The main difference between numerical and experimental results is that the numerical model predicts a smaller number of bad impacts, with a short rebound. This happens because the numerical model is two-dimensional and assumes an impact between the cylinder and the stop plate along a line. In reality, the system is three-dimensional, and often the contact begins when a corner of the cylinder impacts the stop plate. The energy transfer from the conveyor to the cylinder is less efficient and leads to a reduced traveled distance.

These phenomena could be analyzed by means of a 3D numerical model, which would be much more complex and cumbersome than the presented 2D model (a 2D simulation lasting 1 s requires a computation time of about 16 s). Nevertheless, it is worth noticing that a complete agreement between numerical and experimental results could be difficult to achieve even with a 3D simulation, since the system is non-linear and chaotic; thus, small differences between simulation and experimental parameters may lead to large differences in results [19,21]. In actual conveyors, there are many cylindrical parts, and their collisions further enhance the chaotic behavior of the system [22].

6. Conclusions

The dynamics of vibratory conveying of cylindrical parts are very different from the dynamics of conveying of block-shaped parts. Both analytical and numerical calculations showed that large distances cannot be traveled owing to the backwards rotation of the cylindrical part.

The impacts of the cylindrical part on the stop plate are an essential feature of this kind of motion and strongly increase the traveled distance. After some rebounds, the impacts of the cylindrical part on the stop plate of the vibratory conveyor take place at random instants, which correspond to random values of the relative velocity between the cylindrical part and the stop plate. The impacts with the largest relative velocity lead to the largest rebounds. Eventually, the motion becomes chaotic.

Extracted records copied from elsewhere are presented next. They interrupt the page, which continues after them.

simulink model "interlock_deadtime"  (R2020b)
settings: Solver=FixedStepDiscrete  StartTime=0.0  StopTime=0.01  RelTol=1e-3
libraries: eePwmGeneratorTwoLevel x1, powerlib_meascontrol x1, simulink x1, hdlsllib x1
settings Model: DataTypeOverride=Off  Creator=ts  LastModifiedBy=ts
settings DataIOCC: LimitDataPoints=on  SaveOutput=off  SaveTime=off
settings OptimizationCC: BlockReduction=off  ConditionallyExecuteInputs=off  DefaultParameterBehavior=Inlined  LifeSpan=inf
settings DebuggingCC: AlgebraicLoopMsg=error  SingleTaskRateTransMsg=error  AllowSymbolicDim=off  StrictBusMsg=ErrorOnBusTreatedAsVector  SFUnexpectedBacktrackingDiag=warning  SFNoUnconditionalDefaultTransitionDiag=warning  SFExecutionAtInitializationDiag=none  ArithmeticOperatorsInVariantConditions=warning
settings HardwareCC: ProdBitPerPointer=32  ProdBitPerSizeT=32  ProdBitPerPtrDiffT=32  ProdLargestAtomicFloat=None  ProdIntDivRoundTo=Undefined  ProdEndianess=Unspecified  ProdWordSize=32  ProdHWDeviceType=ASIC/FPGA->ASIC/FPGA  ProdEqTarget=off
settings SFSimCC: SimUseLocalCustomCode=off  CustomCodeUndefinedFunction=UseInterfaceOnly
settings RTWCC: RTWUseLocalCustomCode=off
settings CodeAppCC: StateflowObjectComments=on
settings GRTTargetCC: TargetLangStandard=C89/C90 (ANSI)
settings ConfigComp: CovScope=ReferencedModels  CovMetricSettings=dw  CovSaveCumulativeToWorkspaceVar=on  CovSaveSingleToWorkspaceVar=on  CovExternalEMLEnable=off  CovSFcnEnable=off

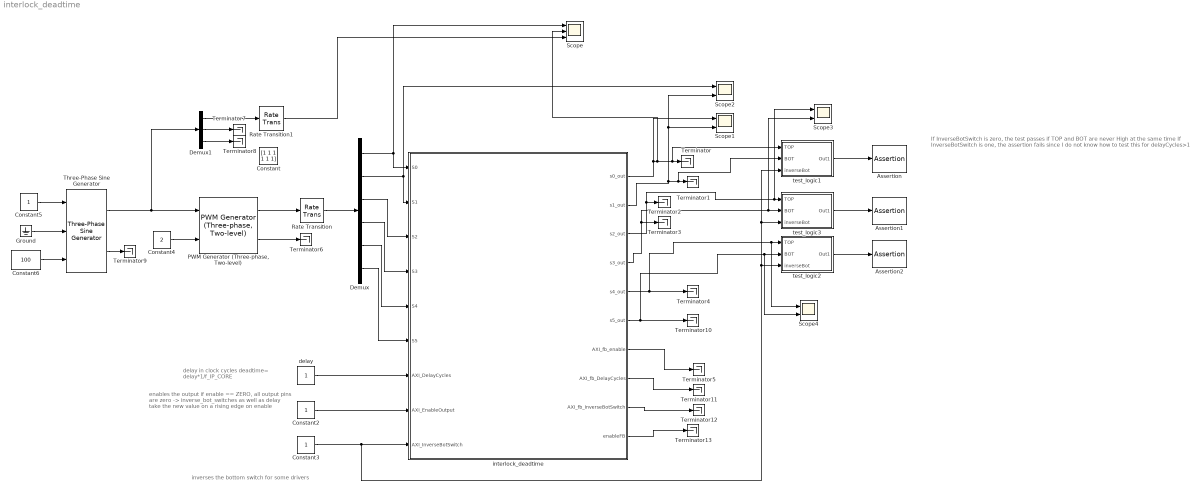
== system interlock_deadtime ==
  note: If InverseBotSwitch is zero, the test passes if TOP and BOT are never High at the same time
      | If InverseBotSwitch is one, the assertion fails since I do not know how to test this for delayCycles>1
  note: enables the output
      | if enable == ZERO, all output pins are zero
      |
      | -> inverse_bot_switches as well as delay take the
      | new value on a rising edge on enable
  note: inverses the bottom switch for some drivers
  note: delay in clock cycles
      | deadtime= delay*1/f_IP_CORE
  Assertion : Assertion
  Assertion1 : Assertion
  Assertion2 : Assertion
  Constant : Constant  Value=[1 1 1 1 1 1]  OutDataTypeStr=boolean
  Constant2 : Constant  OutDataTypeStr=boolean  SampleTime=1/100e6
  Constant3 : Constant  OutDataTypeStr=boolean  SampleTime=1/100e6
  Constant4 : Constant  Value=2  SampleTime=-1
  Constant5 : Constant  SampleTime=-1
  Constant6 : Constant  Value=100  SampleTime=-1
  Demux : Demux  Outputs=6
  Demux1 : Demux  Outputs=3
  Ground : Ground
  "PWM Generator (Three-phase, Two-level)" : eePwmGeneratorTwoLevel/PWM Generator (Three-phase, Two-level)  PWMMode=Continuous PWM (CPWM)  CPWMMode=SPWM: sinusoidal PWM  DPWMMode=60 DPWM: 60 degree discontinuous PWM  fsw=10e3  Ts=1/(100*100e3)
      settings: SourceProductBaseCode=PS
  Rate Transition : RateTransition  OutPortSampleTime=1/100e6
  Rate Transition1 : RateTransition  OutPortSampleTime=1/100e6
  Scope : Scope  NumInputPorts=3
  Scope{1..4} (4 alike) : Scope  NumInputPorts=2
  Terminator{,1..13} (14 alike) : Terminator
  Three-Phase Sine Generator : powerlib_meascontrol/Pulse & Signal Generators/Three-Phase Sine Generator  Ts=1/100e3
      settings: SourceProductBaseCode=PS
  delay : Constant  OutDataTypeStr=fixdt(0,10,0)  SampleTime=1/100e6
  interlock_deadtime : Subsystem  TreatAsAtomicUnit=on
  test_logic1 : Subsystem
  test_logic2 : Subsystem
  test_logic3 : Subsystem
  wires:
  Constant2/1 -> interlock_deadtime/8(AXI_EnableOutput)
  interlock_deadtime/1(s0_out) -> Scope/2, test_logic1/1(TOP), Terminator/1, Scope1/1
  interlock_deadtime/2(s1_out) -> Scope1/2, Scope2/2, test_logic1/2(BOT), Terminator1/1
  interlock_deadtime/3(s2_out) -> Scope3/1, test_logic3/1(TOP), Terminator2/1
  interlock_deadtime/4(s3_out) -> Scope3/2, test_logic3/2(BOT), Terminator3/1
  interlock_deadtime/5(s4_out) -> Scope4/1, test_logic2/1(TOP), Terminator4/1
  Constant4/1 -> "PWM Generator (Three-phase, Two-level)"/2
  Three-Phase Sine Generator/1 -> Demux1/1, "PWM Generator (Three-phase, Two-level)"/1
  Constant5/1 -> Three-Phase Sine Generator/1
  Constant6/1 -> Three-Phase Sine Generator/3
  Demux/1 -> Scope/1, interlock_deadtime/1(S0)
  Demux/2 -> Scope2/1, interlock_deadtime/2(S1)
  Demux/3 -> interlock_deadtime/3(S2)
  Demux/4 -> interlock_deadtime/4(S3)
  Demux/5 -> interlock_deadtime/5(S4)
  Demux/6 -> interlock_deadtime/6(S5)
  Demux1/1 -> Rate Transition1/1
  Rate Transition1/1 -> Scope/3
  Constant3/1 -> interlock_deadtime/9(AXI_InverseBotSwitch), test_logic2/3(inverseBot), test_logic3/3(inverseBot), test_logic1/3(inverseBot)
  "PWM Generator (Three-phase, Two-level)"/2 -> Terminator6/1
  Demux1/2 -> Terminator7/1
  Demux1/3 -> Terminator8/1
  Three-Phase Sine Generator/2 -> Terminator9/1
  Ground/1 -> Three-Phase Sine Generator/2
  interlock_deadtime/6(s5_out) -> Scope4/2, test_logic2/2(BOT), Terminator10/1
  interlock_deadtime/7(AXI_fb_enable) -> Terminator5/1
  interlock_deadtime/8(AXI_fb_DelayCycles) -> Terminator11/1
  interlock_deadtime/9(AXI_fb_InverseBotSwitch) -> Terminator12/1
  interlock_deadtime/10(enableFB) -> Terminator13/1
  test_logic3/1(Out1) -> Assertion1/1
  test_logic2/1(Out1) -> Assertion2/1
  test_logic1/1(Out1) -> Assertion/1
  Rate Transition/1 -> Demux/1
  "PWM Generator (Three-phase, Two-level)"/1 -> Rate Transition/1
  delay/1 -> interlock_deadtime/7(AXI_DelayCycles)

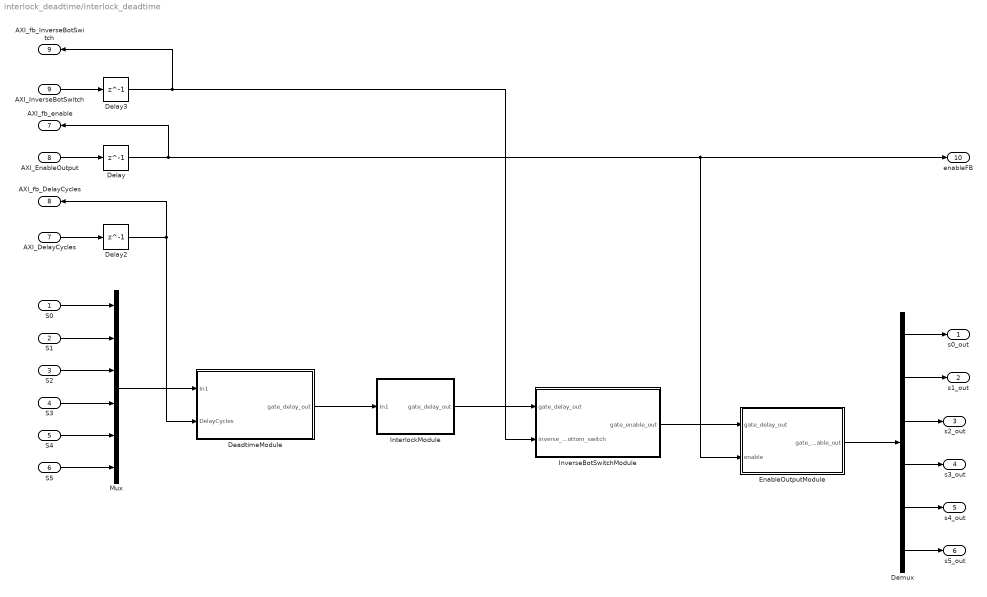
== system interlock_deadtime/interlock_deadtime ==
  S0 : Inport
  S1 : Inport  Port=2
  S2 : Inport  Port=3
  S3 : Inport  Port=4
  S4 : Inport  Port=5
  S5 : Inport  Port=6
  AXI_DelayCycles : Inport  Port=7
  AXI_EnableOutput : Inport  Port=8
  AXI_InverseBotSwitch : Inport  Port=9
  DeadtimeModule : Subsystem  TreatAsAtomicUnit=on
  Delay : Delay  DelayLength=1
  Delay2 : Delay  DelayLength=1
  Delay3 : Delay  DelayLength=1
  Demux : Demux  Outputs=6
  EnableOutputModule : Subsystem  TreatAsAtomicUnit=on
  InterlockModule : Subsystem  TreatAsAtomicUnit=on
  InverseBotSwitchModule : Subsystem  TreatAsAtomicUnit=on
  Mux : Mux  Inputs=6
  s0_out : Outport  VectorParamsAs1DForOutWhenUnconnected=off
  s1_out : Outport  Port=2  VectorParamsAs1DForOutWhenUnconnected=off
  s2_out : Outport  Port=3  VectorParamsAs1DForOutWhenUnconnected=off
  s3_out : Outport  Port=4  VectorParamsAs1DForOutWhenUnconnected=off
  s4_out : Outport  Port=5  VectorParamsAs1DForOutWhenUnconnected=off
  s5_out : Outport  Port=6  VectorParamsAs1DForOutWhenUnconnected=off
  AXI_fb_enable : Outport  Port=7  VectorParamsAs1DForOutWhenUnconnected=off
  AXI_fb_DelayCycles : Outport  Port=8  VectorParamsAs1DForOutWhenUnconnected=off
  AXI_fb_InverseBotSwitch : Outport  Port=9  VectorParamsAs1DForOutWhenUnconnected=off
  enableFB : Outport  Port=10  VectorParamsAs1DForOutWhenUnconnected=off
  wires:
  AXI_InverseBotSwitch/1 -> Delay3/1
  Delay3/1 -> InverseBotSwitchModule/2(inverse_bottom_switch), AXI_fb_InverseBotSwitch/1
  AXI_EnableOutput/1 -> Delay/1
  Delay2/1 -> AXI_fb_DelayCycles/1, DeadtimeModule/2(DelayCycles)
  Mux/1 -> DeadtimeModule/1(In1)
  DeadtimeModule/1(gate_delay_out) -> InterlockModule/1(In1)
  S0/1 -> Mux/1
  S1/1 -> Mux/2
  S2/1 -> Mux/3
  S3/1 -> Mux/4
  S4/1 -> Mux/5
  S5/1 -> Mux/6
  Demux/2 -> s1_out/1
  Demux/1 -> s0_out/1
  Demux/3 -> s2_out/1
  Demux/4 -> s3_out/1
  Demux/5 -> s4_out/1
  Demux/6 -> s5_out/1
  EnableOutputModule/1(gate_enable_out) -> Demux/1
  Delay/1 -> AXI_fb_enable/1, enableFB/1, EnableOutputModule/2(enable)
  InterlockModule/1(gate_delay_out) -> InverseBotSwitchModule/1(gate_delay_out)
  InverseBotSwitchModule/1(gate_enable_out) -> EnableOutputModule/1(gate_delay_out)
  AXI_DelayCycles/1 -> Delay2/1

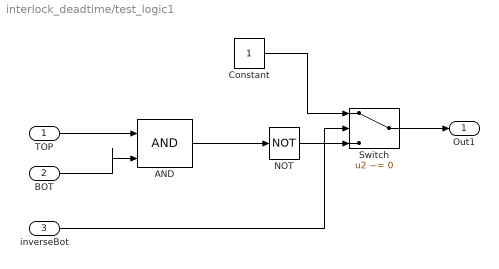
== system interlock_deadtime/test_logic1 ==
  TOP : Inport
  BOT : Inport  Port=2
  inverseBot : Inport  Port=3
  AND : Logic  IconShape=distinctive  AllPortsSameDT=off  OutDataTypeStr=boolean
  Constant : Constant
  NOT : Logic  Operator=NOT  IconShape=distinctive  AllPortsSameDT=off  OutDataTypeStr=boolean
  Switch : Switch  Criteria=u2 ~= 0
  Out1 : Outport
  wires:
  Constant/1 -> Switch/1
  Switch/1 -> Out1/1
  AND/1 -> NOT/1
  inverseBot/1 -> Switch/2
  NOT/1 -> Switch/3
  TOP/1 -> AND/1
  BOT/1 -> AND/2

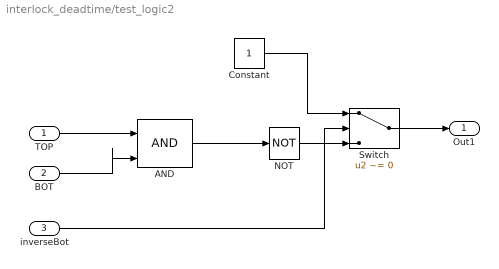
== system interlock_deadtime/test_logic2 ==
  TOP : Inport
  BOT : Inport  Port=2
  inverseBot : Inport  Port=3
  AND : Logic  IconShape=distinctive  AllPortsSameDT=off  OutDataTypeStr=boolean
  Constant : Constant
  NOT : Logic  Operator=NOT  IconShape=distinctive  AllPortsSameDT=off  OutDataTypeStr=boolean
  Switch : Switch  Criteria=u2 ~= 0
  Out1 : Outport
  wires:
  BOT/1 -> AND/2
  TOP/1 -> AND/1
  NOT/1 -> Switch/3
  inverseBot/1 -> Switch/2
  AND/1 -> NOT/1
  Switch/1 -> Out1/1
  Constant/1 -> Switch/1

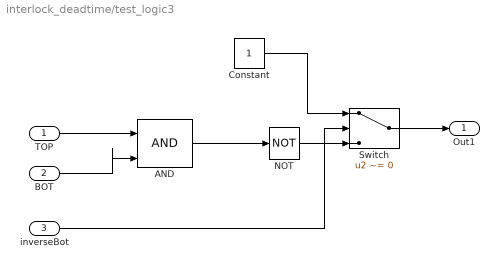
== system interlock_deadtime/test_logic3 ==
  TOP : Inport
  BOT : Inport  Port=2
  inverseBot : Inport  Port=3
  AND : Logic  IconShape=distinctive  AllPortsSameDT=off  OutDataTypeStr=boolean
  Constant : Constant
  NOT : Logic  Operator=NOT  IconShape=distinctive  AllPortsSameDT=off  OutDataTypeStr=boolean
  Switch : Switch  Criteria=u2 ~= 0
  Out1 : Outport
  wires:
  Constant/1 -> Switch/1
  Switch/1 -> Out1/1
  AND/1 -> NOT/1
  inverseBot/1 -> Switch/2
  NOT/1 -> Switch/3
  TOP/1 -> AND/1
  BOT/1 -> AND/2

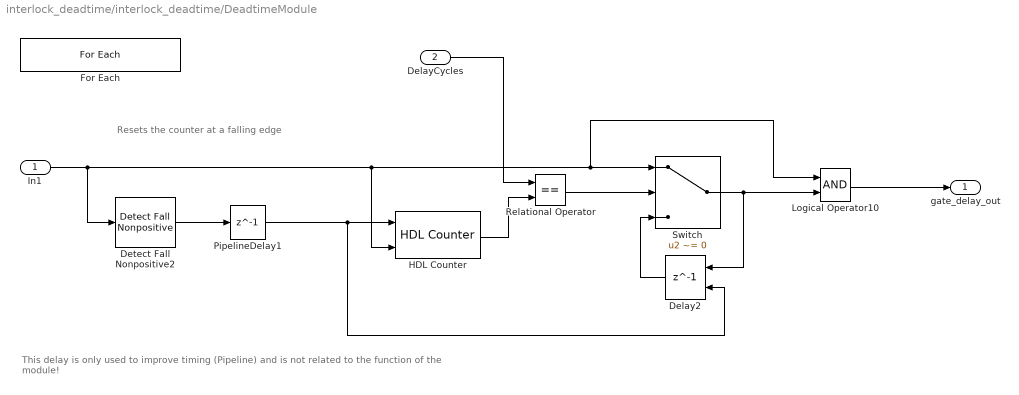
== system interlock_deadtime/interlock_deadtime/DeadtimeModule ==
  note: Resets the counter at a falling edge
  note: This delay is only used to improve timing (Pipeline) and is not related to the function of the module!
  In1 : Inport  Partition=on  PartitionDimension=1  PartitionWidth=1  PartitionOffset=0
  DelayCycles : Inport  Port=2
  Delay2 : Delay  DelayLength=1  ExternalReset=Level
      settings: InputPortMap=u0,r5
  Detect Fall Nonpositive2 : simulink/Logic and Bit Operations/Detect Fall Nonpositive  vinit=0  OutDataTypeStr=boolean
      settings: SourceProductBaseCode=SL
  For Each : ForEach  DisableCoverage=on
  HDL Counter : hdlsllib/Sources/HDL Counter  CountType=Free running  CountInit=0  CountStep=1  CountMax=25  CountFromType=Initial value  CountFrom=0  CountResetPort=on  CountLoadPort=off  CountEnbPort=on  CountDirPort=off  CountDataType=Unsigned  CountWordLen=10  CountFracLen=0  CountSampTime=-1
  Logical Operator10 : Logic  AllPortsSameDT=off  OutDataTypeStr=boolean
  PipelineDelay1 : Delay  DelayLength=1
  Relational Operator : RelationalOperator  Operator===  OutDataTypeStr=boolean  RndMeth=Simplest
  Switch : Switch  Criteria=u2 ~= 0  Threshold=1
  gate_delay_out : Outport  ConcatenationDimension=1
  wires:
  In1/1 -> Logical Operator10/1, Switch/1, HDL Counter/2, Detect Fall Nonpositive2/1
  DelayCycles/1 -> Relational Operator/1
  Delay2/1 -> Switch/3
  HDL Counter/1 -> Relational Operator/2
  Detect Fall Nonpositive2/1 -> PipelineDelay1/1
  Relational Operator/1 -> Switch/2
  PipelineDelay1/1 -> HDL Counter/1, Delay2/2
  Switch/1 -> Delay2/1, Logical Operator10/2
  Logical Operator10/1 -> gate_delay_out/1

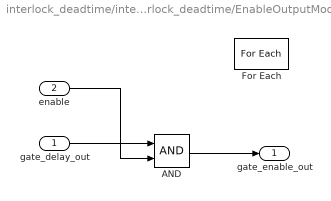
== system interlock_deadtime/interlock_deadtime/EnableOutputModule ==
  gate_delay_out : Inport  Partition=on  PartitionDimension=1  PartitionWidth=1  PartitionOffset=0
  enable : Inport  Port=2
  AND : Logic  AllPortsSameDT=off  OutDataTypeStr=boolean
  For Each : ForEach  DisableCoverage=on
  gate_enable_out : Outport  ConcatenationDimension=1
  wires:
  enable/1 -> AND/2
  gate_delay_out/1 -> AND/1
  AND/1 -> gate_enable_out/1

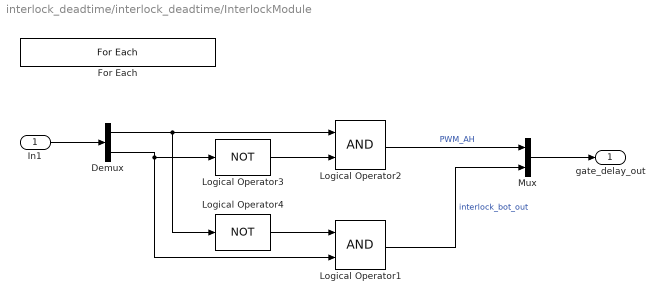
== system interlock_deadtime/interlock_deadtime/InterlockModule ==
  In1 : Inport  Partition=on  PartitionDimension=1  PartitionWidth=2  PartitionOffset=0
  Demux : Demux  Outputs=2
  For Each : ForEach  DisableCoverage=on
  Logical Operator1 : Logic  AllPortsSameDT=off  OutDataTypeStr=boolean
  Logical Operator2 : Logic  AllPortsSameDT=off  OutDataTypeStr=boolean
  Logical Operator3 : Logic  Operator=NOT  AllPortsSameDT=off  OutDataTypeStr=boolean
  Logical Operator4 : Logic  Operator=NOT  AllPortsSameDT=off  OutDataTypeStr=boolean
  Mux : Mux  Inputs=2
  gate_delay_out : Outport  ConcatenationDimension=1
  wires:
  Demux/1 -> Logical Operator4/1, Logical Operator2/1
  Logical Operator1/1 -> Mux/2  "interlock_bot_out"
  Demux/2 -> Logical Operator1/2, Logical Operator3/1
  Logical Operator3/1 -> Logical Operator2/2
  Logical Operator2/1 -> Mux/1  "PWM_AH"
  Logical Operator4/1 -> Logical Operator1/1
  Mux/1 -> gate_delay_out/1
  In1/1 -> Demux/1

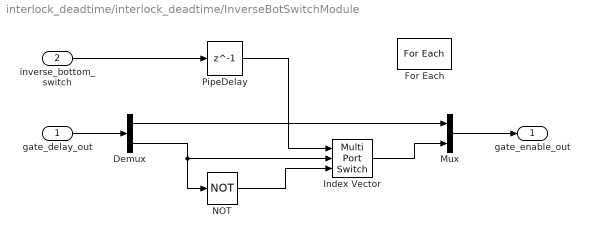
== system interlock_deadtime/interlock_deadtime/InverseBotSwitchModule ==
  gate_delay_out : Inport  Partition=on  PartitionDimension=1  PartitionWidth=2  PartitionOffset=0
  inverse_bottom_switch : Inport  Port=2
  Demux : Demux  Outputs=2
  For Each : ForEach  DisableCoverage=on
  Index Vector : MultiPortSwitch  DataPortOrder=Zero-based contiguous  Inputs=2  zeroidx=on
  Mux : Mux  Inputs=2
  NOT : Logic  Operator=NOT  AllPortsSameDT=off  OutDataTypeStr=boolean
  PipeDelay : Delay  DelayLength=1
  gate_enable_out : Outport  ConcatenationDimension=1
  wires:
  PipeDelay/1 -> Index Vector/1
  Demux/2 -> Index Vector/2, NOT/1
  Index Vector/1 -> Mux/2
  inverse_bottom_switch/1 -> PipeDelay/1
  Demux/1 -> Mux/1
  NOT/1 -> Index Vector/3
  Mux/1 -> gate_enable_out/1
  gate_delay_out/1 -> Demux/1

Numerical simulations made it possible to investigate the effect of the most important parameters on the vibratory conveying of cylindrical parts. When vibration acceleration is kept constant, a decrease in vibration frequency leads to a relevant increase in the traveled distance. The kinetic friction coefficient (${\mu }_c$) influences the traveled distance; when ${\mu }_c$ halves, the maximum traveled distance almost doubles. The other parameters have a small or negligible effect on the conveying process. This phenomenon occurs because the energy transferred by the impacts to the cylindrical part essentially depends on the relative velocity between the part and the stop plate, and the variations in $\psi$, $f_v$, $k$ and ${\mu }_s$ have a small effect on the relative velocity but influence the instants in which the strongest impacts (with large relative velocity) take place.